▶ **WORK TO BE COMPLETED**
Using the records that appear below, write out exactly the lines from the one with "#282=EDGE_CURVE('E243',#256,#281,#279,.T.);" through the one with "#318=ADVANCED_FACE('F306',(#317),#299,.F.);", keeping both end lines.

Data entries
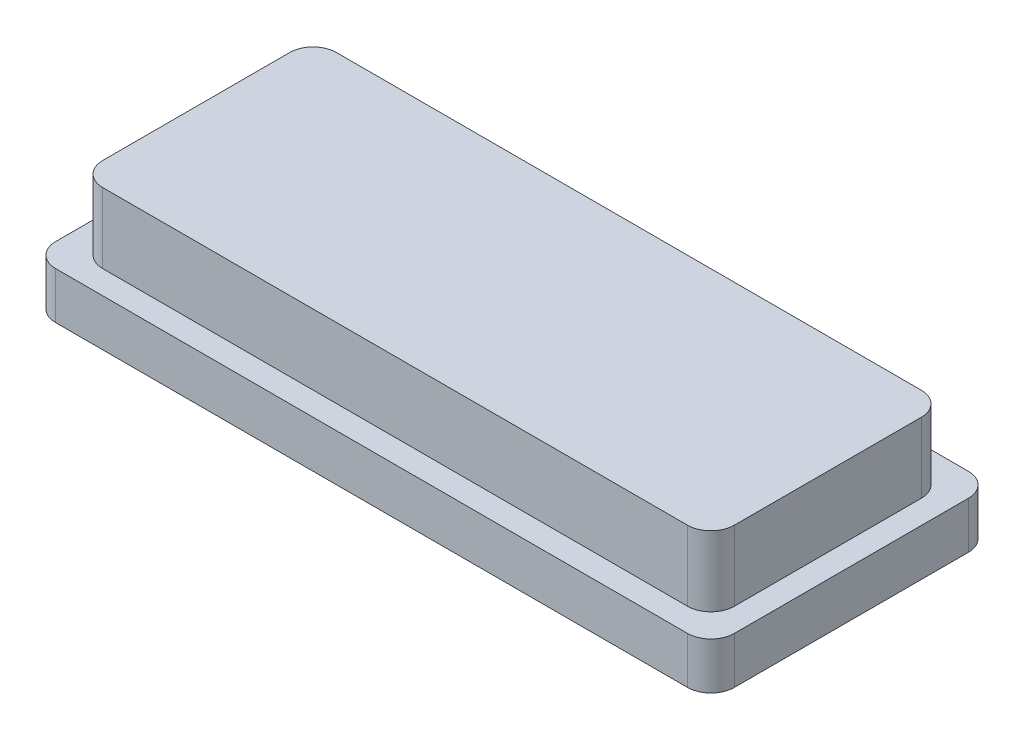
ISO-10303-21;
HEADER;
FILE_DESCRIPTION(('STEP AP214'),'2;1');
FILE_NAME('part.step','',(''),(''),'','','');
FILE_SCHEMA(('AUTOMOTIVE_DESIGN { 1 0 10303 214 1 1 1 1 }'));
ENDSEC;
DATA;
#1=APPLICATION_CONTEXT('core data for automotive mechanical design processes');
#2=APPLICATION_PROTOCOL_DEFINITION('international standard','automotive_design',2000,#1);
#3=PRODUCT_CONTEXT('',#1,'mechanical');
#4=PRODUCT('Part','Part','',(#3));
#5=PRODUCT_RELATED_PRODUCT_CATEGORY('part','',(#4));
#6=PRODUCT_DEFINITION_FORMATION('','',#4);
#7=PRODUCT_DEFINITION_CONTEXT('part definition',#1,'design');
#8=PRODUCT_DEFINITION('design','',#6,#7);
#9=PRODUCT_DEFINITION_SHAPE('','',#8);
#10=(LENGTH_UNIT() NAMED_UNIT(*) SI_UNIT(.MILLI.,.METRE.));
#11=(NAMED_UNIT(*) PLANE_ANGLE_UNIT() SI_UNIT($,.RADIAN.));
#12=(NAMED_UNIT(*) SI_UNIT($,.STERADIAN.) SOLID_ANGLE_UNIT());
#13=UNCERTAINTY_MEASURE_WITH_UNIT(LENGTH_MEASURE(1.E-05),#10,'distance_accuracy_value','');
#14=(GEOMETRIC_REPRESENTATION_CONTEXT(3) GLOBAL_UNCERTAINTY_ASSIGNED_CONTEXT((#13)) GLOBAL_UNIT_ASSIGNED_CONTEXT((#10,
#11,#12)) REPRESENTATION_CONTEXT('',''));
#15=CARTESIAN_POINT('',(0.,0.,0.));
#16=DIRECTION('',(0.,0.,1.));
#17=DIRECTION('',(1.,0.,0.));
#18=AXIS2_PLACEMENT_3D('',#15,#16,#17);
#19=CARTESIAN_POINT('',(13.5,2.,-5.));
#20=DIRECTION('',(0.,1.,0.));
#21=DIRECTION('',(0.,0.,1.));
#22=AXIS2_PLACEMENT_3D('',#19,#20,#21);
#23=PLANE('',#22);
#24=CARTESIAN_POINT('',(13.5,2.,-5.));
#25=DIRECTION('',(0.,1.,0.));
#26=DIRECTION('',(0.,0.,1.));
#27=AXIS2_PLACEMENT_3D('',#24,#25,#26);
#28=CIRCLE('',#27,1.);
#29=CARTESIAN_POINT('',(14.5,2.,-4.99999999999999));
#30=VERTEX_POINT('',#29);
#31=CARTESIAN_POINT('',(13.5,2.,-6.));
#32=VERTEX_POINT('',#31);
#33=EDGE_CURVE('E216',#30,#32,#28,.T.);
#34=ORIENTED_EDGE('',*,*,#33,.T.);
#35=DIRECTION('',(-1.,0.,0.));
#36=VECTOR('',#35,1.);
#37=CARTESIAN_POINT('',(-13.5,2.,-6.));
#38=LINE('',#37,#36);
#39=CARTESIAN_POINT('',(-13.5,2.,-6.));
#40=VERTEX_POINT('',#39);
#41=EDGE_CURVE('E219',#32,#40,#38,.T.);
#42=ORIENTED_EDGE('',*,*,#41,.T.);
#43=CARTESIAN_POINT('',(-13.5,2.,-5.));
#44=DIRECTION('',(0.,1.,0.));
#45=DIRECTION('',(0.,0.,-1.));
#46=AXIS2_PLACEMENT_3D('',#43,#44,#45);
#47=CIRCLE('',#46,1.);
#48=CARTESIAN_POINT('',(-14.5,2.,-4.99999999999999));
#49=VERTEX_POINT('',#48);
#50=EDGE_CURVE('E222',#40,#49,#47,.T.);
#51=ORIENTED_EDGE('',*,*,#50,.T.);
#52=DIRECTION('',(0.,0.,1.));
#53=VECTOR('',#52,1.);
#54=CARTESIAN_POINT('',(-14.5,2.,-4.99999999999999));
#55=LINE('',#54,#53);
#56=CARTESIAN_POINT('',(-14.5,2.,4.99999999999999));
#57=VERTEX_POINT('',#56);
#58=EDGE_CURVE('E224',#49,#57,#55,.T.);
#59=ORIENTED_EDGE('',*,*,#58,.T.);
#60=CARTESIAN_POINT('',(-13.5,2.,5.));
#61=DIRECTION('',(0.,1.,0.));
#62=DIRECTION('',(0.,0.,-1.));
#63=AXIS2_PLACEMENT_3D('',#60,#61,#62);
#64=CIRCLE('',#63,1.);
#65=CARTESIAN_POINT('',(-13.5,2.,6.));
#66=VERTEX_POINT('',#65);
#67=EDGE_CURVE('E226',#57,#66,#64,.T.);
#68=ORIENTED_EDGE('',*,*,#67,.T.);
#69=DIRECTION('',(1.,0.,0.));
#70=VECTOR('',#69,1.);
#71=CARTESIAN_POINT('',(-13.5,2.,6.));
#72=LINE('',#71,#70);
#73=CARTESIAN_POINT('',(13.5,2.,6.));
#74=VERTEX_POINT('',#73);
#75=EDGE_CURVE('E228',#66,#74,#72,.T.);
#76=ORIENTED_EDGE('',*,*,#75,.T.);
#77=CARTESIAN_POINT('',(13.5,2.,5.));
#78=DIRECTION('',(0.,1.,0.));
#79=DIRECTION('',(0.,0.,1.));
#80=AXIS2_PLACEMENT_3D('',#77,#78,#79);
#81=CIRCLE('',#80,1.);
#82=CARTESIAN_POINT('',(14.5,2.,4.99999999999999));
#83=VERTEX_POINT('',#82);
#84=EDGE_CURVE('E230',#74,#83,#81,.T.);
#85=ORIENTED_EDGE('',*,*,#84,.T.);
#86=DIRECTION('',(0.,0.,-1.));
#87=VECTOR('',#86,1.);
#88=CARTESIAN_POINT('',(14.5,2.,-4.99999999999999));
#89=LINE('',#88,#87);
#90=EDGE_CURVE('E232',#83,#30,#89,.T.);
#91=ORIENTED_EDGE('',*,*,#90,.T.);
#92=EDGE_LOOP('',(#34,#42,#51,#59,#68,#76,#85,#91));
#93=FACE_BOUND('',#92,.T.);
#94=CARTESIAN_POINT('',(12.495,2.,-3.995));
#95=DIRECTION('',(0.,1.,0.));
#96=DIRECTION('',(0.,0.,1.));
#97=AXIS2_PLACEMENT_3D('',#94,#95,#96);
#98=CIRCLE('',#97,1.);
#99=CARTESIAN_POINT('',(13.495,2.,-3.99499999999999));
#100=VERTEX_POINT('',#99);
#101=CARTESIAN_POINT('',(12.495,2.,-4.995));
#102=VERTEX_POINT('',#101);
#103=EDGE_CURVE('E167',#100,#102,#98,.T.);
#104=ORIENTED_EDGE('',*,*,#103,.F.);
#105=DIRECTION('',(0.,0.,1.));
#106=VECTOR('',#105,1.);
#107=CARTESIAN_POINT('',(13.495,2.,-3.99499999999999));
#108=LINE('',#107,#106);
#109=CARTESIAN_POINT('',(13.495,2.,3.99499999999999));
#110=VERTEX_POINT('',#109);
#111=EDGE_CURVE('E48',#100,#110,#108,.T.);
#112=ORIENTED_EDGE('',*,*,#111,.T.);
#113=CARTESIAN_POINT('',(12.495,2.,3.995));
#114=DIRECTION('',(0.,1.,0.));
#115=DIRECTION('',(0.,0.,1.));
#116=AXIS2_PLACEMENT_3D('',#113,#114,#115);
#117=CIRCLE('',#116,1.);
#118=CARTESIAN_POINT('',(12.495,2.,4.995));
#119=VERTEX_POINT('',#118);
#120=EDGE_CURVE('E53',#119,#110,#117,.T.);
#121=ORIENTED_EDGE('',*,*,#120,.F.);
#122=DIRECTION('',(1.,0.,0.));
#123=VECTOR('',#122,1.);
#124=CARTESIAN_POINT('',(-12.495,2.,4.995));
#125=LINE('',#124,#123);
#126=CARTESIAN_POINT('',(-12.495,2.,4.995));
#127=VERTEX_POINT('',#126);
#128=EDGE_CURVE('E188',#127,#119,#125,.T.);
#129=ORIENTED_EDGE('',*,*,#128,.F.);
#130=CARTESIAN_POINT('',(-12.495,2.,3.995));
#131=DIRECTION('',(0.,-1.,0.));
#132=DIRECTION('',(0.,0.,-1.));
#133=AXIS2_PLACEMENT_3D('',#130,#131,#132);
#134=CIRCLE('',#133,1.);
#135=CARTESIAN_POINT('',(-13.495,2.,3.99499999999999));
#136=VERTEX_POINT('',#135);
#137=EDGE_CURVE('E190',#127,#136,#134,.T.);
#138=ORIENTED_EDGE('',*,*,#137,.T.);
#139=DIRECTION('',(0.,0.,1.));
#140=VECTOR('',#139,1.);
#141=CARTESIAN_POINT('',(-13.495,2.,-3.99499999999999));
#142=LINE('',#141,#140);
#143=CARTESIAN_POINT('',(-13.495,2.,-3.99499999999999));
#144=VERTEX_POINT('',#143);
#145=EDGE_CURVE('E192',#144,#136,#142,.T.);
#146=ORIENTED_EDGE('',*,*,#145,.F.);
#147=CARTESIAN_POINT('',(-12.495,2.,-3.995));
#148=DIRECTION('',(0.,-1.,0.));
#149=DIRECTION('',(0.,0.,-1.));
#150=AXIS2_PLACEMENT_3D('',#147,#148,#149);
#151=CIRCLE('',#150,1.);
#152=CARTESIAN_POINT('',(-12.495,2.,-4.995));
#153=VERTEX_POINT('',#152);
#154=EDGE_CURVE('E195',#144,#153,#151,.T.);
#155=ORIENTED_EDGE('',*,*,#154,.T.);
#156=DIRECTION('',(1.,0.,0.));
#157=VECTOR('',#156,1.);
#158=CARTESIAN_POINT('',(-12.495,2.,-4.995));
#159=LINE('',#158,#157);
#160=EDGE_CURVE('E170',#153,#102,#159,.T.);
#161=ORIENTED_EDGE('',*,*,#160,.T.);
#162=EDGE_LOOP('',(#104,#112,#121,#129,#138,#146,#155,#161));
#163=FACE_BOUND('',#162,.T.);
#164=ADVANCED_FACE('F33',(#93,#163),#23,.T.);
#165=CARTESIAN_POINT('',(13.5,2.,-5.));
#166=DIRECTION('',(0.,-1.,0.));
#167=DIRECTION('',(0.,0.,-1.));
#168=AXIS2_PLACEMENT_3D('',#165,#166,#167);
#169=CYLINDRICAL_SURFACE('',#168,1.);
#170=CARTESIAN_POINT('',(13.5,0.,-5.));
#171=DIRECTION('',(0.,1.,0.));
#172=DIRECTION('',(0.,0.,1.));
#173=AXIS2_PLACEMENT_3D('',#170,#171,#172);
#174=CIRCLE('',#173,1.);
#175=CARTESIAN_POINT('',(14.5,0.,-4.99999999999999));
#176=VERTEX_POINT('',#175);
#177=CARTESIAN_POINT('',(13.5,0.,-6.));
#178=VERTEX_POINT('',#177);
#179=EDGE_CURVE('E199',#176,#178,#174,.T.);
#180=ORIENTED_EDGE('',*,*,#179,.T.);
#181=DIRECTION('',(0.,-1.,0.));
#182=VECTOR('',#181,1.);
#183=CARTESIAN_POINT('',(13.5,2.,-6.));
#184=LINE('',#183,#182);
#185=EDGE_CURVE('E11',#32,#178,#184,.T.);
#186=ORIENTED_EDGE('',*,*,#185,.F.);
#187=ORIENTED_EDGE('',*,*,#33,.F.);
#188=DIRECTION('',(0.,-1.,0.));
#189=VECTOR('',#188,1.);
#190=CARTESIAN_POINT('',(14.5,2.,-4.99999999999999));
#191=LINE('',#190,#189);
#192=EDGE_CURVE('E234',#30,#176,#191,.T.);
#193=ORIENTED_EDGE('',*,*,#192,.T.);
#194=EDGE_LOOP('',(#180,#186,#187,#193));
#195=FACE_BOUND('',#194,.T.);
#196=ADVANCED_FACE('F35',(#195),#169,.T.);
#197=CARTESIAN_POINT('',(-13.5,2.,-6.));
#198=DIRECTION('',(0.,0.,1.));
#199=DIRECTION('',(1.,0.,0.));
#200=AXIS2_PLACEMENT_3D('',#197,#198,#199);
#201=PLANE('',#200);
#202=DIRECTION('',(-1.,0.,0.));
#203=VECTOR('',#202,1.);
#204=CARTESIAN_POINT('',(-13.5,0.,-6.));
#205=LINE('',#204,#203);
#206=CARTESIAN_POINT('',(-13.5,0.,-6.));
#207=VERTEX_POINT('',#206);
#208=EDGE_CURVE('E237',#178,#207,#205,.T.);
#209=ORIENTED_EDGE('',*,*,#208,.T.);
#210=DIRECTION('',(0.,-1.,0.));
#211=VECTOR('',#210,1.);
#212=CARTESIAN_POINT('',(-13.5,2.,-6.));
#213=LINE('',#212,#211);
#214=EDGE_CURVE('E41',#40,#207,#213,.T.);
#215=ORIENTED_EDGE('',*,*,#214,.F.);
#216=ORIENTED_EDGE('',*,*,#41,.F.);
#217=ORIENTED_EDGE('',*,*,#185,.T.);
#218=EDGE_LOOP('',(#209,#215,#216,#217));
#219=FACE_BOUND('',#218,.T.);
#220=ADVANCED_FACE('F293',(#219),#201,.F.);
#221=CARTESIAN_POINT('',(-13.5,2.,-5.));
#222=DIRECTION('',(0.,-1.,0.));
#223=DIRECTION('',(0.,0.,-1.));
#224=AXIS2_PLACEMENT_3D('',#221,#222,#223);
#225=CYLINDRICAL_SURFACE('',#224,1.);
#226=CARTESIAN_POINT('',(-13.5,0.,-5.));
#227=DIRECTION('',(0.,1.,0.));
#228=DIRECTION('',(0.,0.,-1.));
#229=AXIS2_PLACEMENT_3D('',#226,#227,#228);
#230=CIRCLE('',#229,1.);
#231=CARTESIAN_POINT('',(-14.5,0.,-4.99999999999999));
#232=VERTEX_POINT('',#231);
#233=EDGE_CURVE('E239',#207,#232,#230,.T.);
#234=ORIENTED_EDGE('',*,*,#233,.T.);
#235=DIRECTION('',(0.,-1.,0.));
#236=VECTOR('',#235,1.);
#237=CARTESIAN_POINT('',(-14.5,2.,-4.99999999999999));
#238=LINE('',#237,#236);
#239=EDGE_CURVE('E264',#49,#232,#238,.T.);
#240=ORIENTED_EDGE('',*,*,#239,.F.);
#241=ORIENTED_EDGE('',*,*,#50,.F.);
#242=ORIENTED_EDGE('',*,*,#214,.T.);
#243=EDGE_LOOP('',(#234,#240,#241,#242));
#244=FACE_BOUND('',#243,.T.);
#245=ADVANCED_FACE('F271',(#244),#225,.T.);
#246=CARTESIAN_POINT('',(-14.5,2.,-4.99999999999999));
#247=DIRECTION('',(1.,0.,0.));
#248=DIRECTION('',(0.,0.,-1.));
#249=AXIS2_PLACEMENT_3D('',#246,#247,#248);
#250=PLANE('',#249);
#251=DIRECTION('',(0.,0.,1.));
#252=VECTOR('',#251,1.);
#253=CARTESIAN_POINT('',(-14.5,0.,-4.99999999999999));
#254=LINE('',#253,#252);
#255=CARTESIAN_POINT('',(-14.5,0.,4.99999999999999));
#256=VERTEX_POINT('',#255);
#257=EDGE_CURVE('E241',#232,#256,#254,.T.);
#258=ORIENTED_EDGE('',*,*,#257,.T.);
#259=DIRECTION('',(0.,-1.,0.));
#260=VECTOR('',#259,1.);
#261=CARTESIAN_POINT('',(-14.5,2.,4.99999999999999));
#262=LINE('',#261,#260);
#263=EDGE_CURVE('E261',#57,#256,#262,.T.);
#264=ORIENTED_EDGE('',*,*,#263,.F.);
#265=ORIENTED_EDGE('',*,*,#58,.F.);
#266=ORIENTED_EDGE('',*,*,#239,.T.);
#267=EDGE_LOOP('',(#258,#264,#265,#266));
#268=FACE_BOUND('',#267,.T.);
#269=ADVANCED_FACE('F282',(#268),#250,.F.);
#270=CARTESIAN_POINT('',(-13.5,2.,5.));
#271=DIRECTION('',(0.,-1.,0.));
#272=DIRECTION('',(0.,0.,-1.));
#273=AXIS2_PLACEMENT_3D('',#270,#271,#272);
#274=CYLINDRICAL_SURFACE('',#273,1.);
#275=CARTESIAN_POINT('',(-13.5,0.,5.));
#276=DIRECTION('',(0.,1.,0.));
#277=DIRECTION('',(0.,0.,-1.));
#278=AXIS2_PLACEMENT_3D('',#275,#276,#277);
#279=CIRCLE('',#278,1.);
#280=CARTESIAN_POINT('',(-13.5,0.,6.));
#281=VERTEX_POINT('',#280);
#282=EDGE_CURVE('E243',#256,#281,#279,.T.);
#283=ORIENTED_EDGE('',*,*,#282,.T.);
#284=DIRECTION('',(0.,-1.,0.));
#285=VECTOR('',#284,1.);
#286=CARTESIAN_POINT('',(-13.5,2.,6.));
#287=LINE('',#286,#285);
#288=EDGE_CURVE('E258',#66,#281,#287,.T.);
#289=ORIENTED_EDGE('',*,*,#288,.F.);
#290=ORIENTED_EDGE('',*,*,#67,.F.);
#291=ORIENTED_EDGE('',*,*,#263,.T.);
#292=EDGE_LOOP('',(#283,#289,#290,#291));
#293=FACE_BOUND('',#292,.T.);
#294=ADVANCED_FACE('F286',(#293),#274,.T.);
#295=CARTESIAN_POINT('',(-13.5,2.,6.));
#296=DIRECTION('',(0.,0.,-1.));
#297=DIRECTION('',(-1.,0.,0.));
#298=AXIS2_PLACEMENT_3D('',#295,#296,#297);
#299=PLANE('',#298);
#300=DIRECTION('',(1.,0.,0.));
#301=VECTOR('',#300,1.);
#302=CARTESIAN_POINT('',(-13.5,0.,6.));
#303=LINE('',#302,#301);
#304=CARTESIAN_POINT('',(13.5,0.,6.));
#305=VERTEX_POINT('',#304);
#306=EDGE_CURVE('E245',#281,#305,#303,.T.);
#307=ORIENTED_EDGE('',*,*,#306,.T.);
#308=DIRECTION('',(0.,-1.,0.));
#309=VECTOR('',#308,1.);
#310=CARTESIAN_POINT('',(13.5,2.,6.));
#311=LINE('',#310,#309);
#312=EDGE_CURVE('E255',#74,#305,#311,.T.);
#313=ORIENTED_EDGE('',*,*,#312,.F.);
#314=ORIENTED_EDGE('',*,*,#75,.F.);
#315=ORIENTED_EDGE('',*,*,#288,.T.);
#316=EDGE_LOOP('',(#307,#313,#314,#315));
#317=FACE_BOUND('',#316,.T.);
#318=ADVANCED_FACE('F306',(#317),#299,.F.);
#319=CARTESIAN_POINT('',(13.5,2.,5.));
#320=DIRECTION('',(0.,-1.,0.));
#321=DIRECTION('',(0.,0.,-1.));
#322=AXIS2_PLACEMENT_3D('',#319,#320,#321);
#323=CYLINDRICAL_SURFACE('',#322,1.);
#324=CARTESIAN_POINT('',(13.5,0.,5.));
#325=DIRECTION('',(0.,1.,0.));
#326=DIRECTION('',(0.,0.,1.));
#327=AXIS2_PLACEMENT_3D('',#324,#325,#326);
#328=CIRCLE('',#327,1.);
#329=CARTESIAN_POINT('',(14.5,0.,4.99999999999999));
#330=VERTEX_POINT('',#329);
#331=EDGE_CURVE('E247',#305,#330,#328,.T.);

▶ **RESPONSE TO THE TASK**
#282=EDGE_CURVE('E243',#256,#281,#279,.T.);
#283=ORIENTED_EDGE('',*,*,#282,.T.);
#284=DIRECTION('',(0.,-1.,0.));
#285=VECTOR('',#284,1.);
#286=CARTESIAN_POINT('',(-13.5,2.,6.));
#287=LINE('',#286,#285);
#288=EDGE_CURVE('E258',#66,#281,#287,.T.);
#289=ORIENTED_EDGE('',*,*,#288,.F.);
#290=ORIENTED_EDGE('',*,*,#67,.F.);
#291=ORIENTED_EDGE('',*,*,#263,.T.);
#292=EDGE_LOOP('',(#283,#289,#290,#291));
#293=FACE_BOUND('',#292,.T.);
#294=ADVANCED_FACE('F286',(#293),#274,.T.);
#295=CARTESIAN_POINT('',(-13.5,2.,6.));
#296=DIRECTION('',(0.,0.,-1.));
#297=DIRECTION('',(-1.,0.,0.));
#298=AXIS2_PLACEMENT_3D('',#295,#296,#297);
#299=PLANE('',#298);
#300=DIRECTION('',(1.,0.,0.));
#301=VECTOR('',#300,1.);
#302=CARTESIAN_POINT('',(-13.5,0.,6.));
#303=LINE('',#302,#301);
#304=CARTESIAN_POINT('',(13.5,0.,6.));
#305=VERTEX_POINT('',#304);
#306=EDGE_CURVE('E245',#281,#305,#303,.T.);
#307=ORIENTED_EDGE('',*,*,#306,.T.);
#308=DIRECTION('',(0.,-1.,0.));
#309=VECTOR('',#308,1.);
#310=CARTESIAN_POINT('',(13.5,2.,6.));
#311=LINE('',#310,#309);
#312=EDGE_CURVE('E255',#74,#305,#311,.T.);
#313=ORIENTED_EDGE('',*,*,#312,.F.);
#314=ORIENTED_EDGE('',*,*,#75,.F.);
#315=ORIENTED_EDGE('',*,*,#288,.T.);
#316=EDGE_LOOP('',(#307,#313,#314,#315));
#317=FACE_BOUND('',#316,.T.);
#318=ADVANCED_FACE('F306',(#317),#299,.F.);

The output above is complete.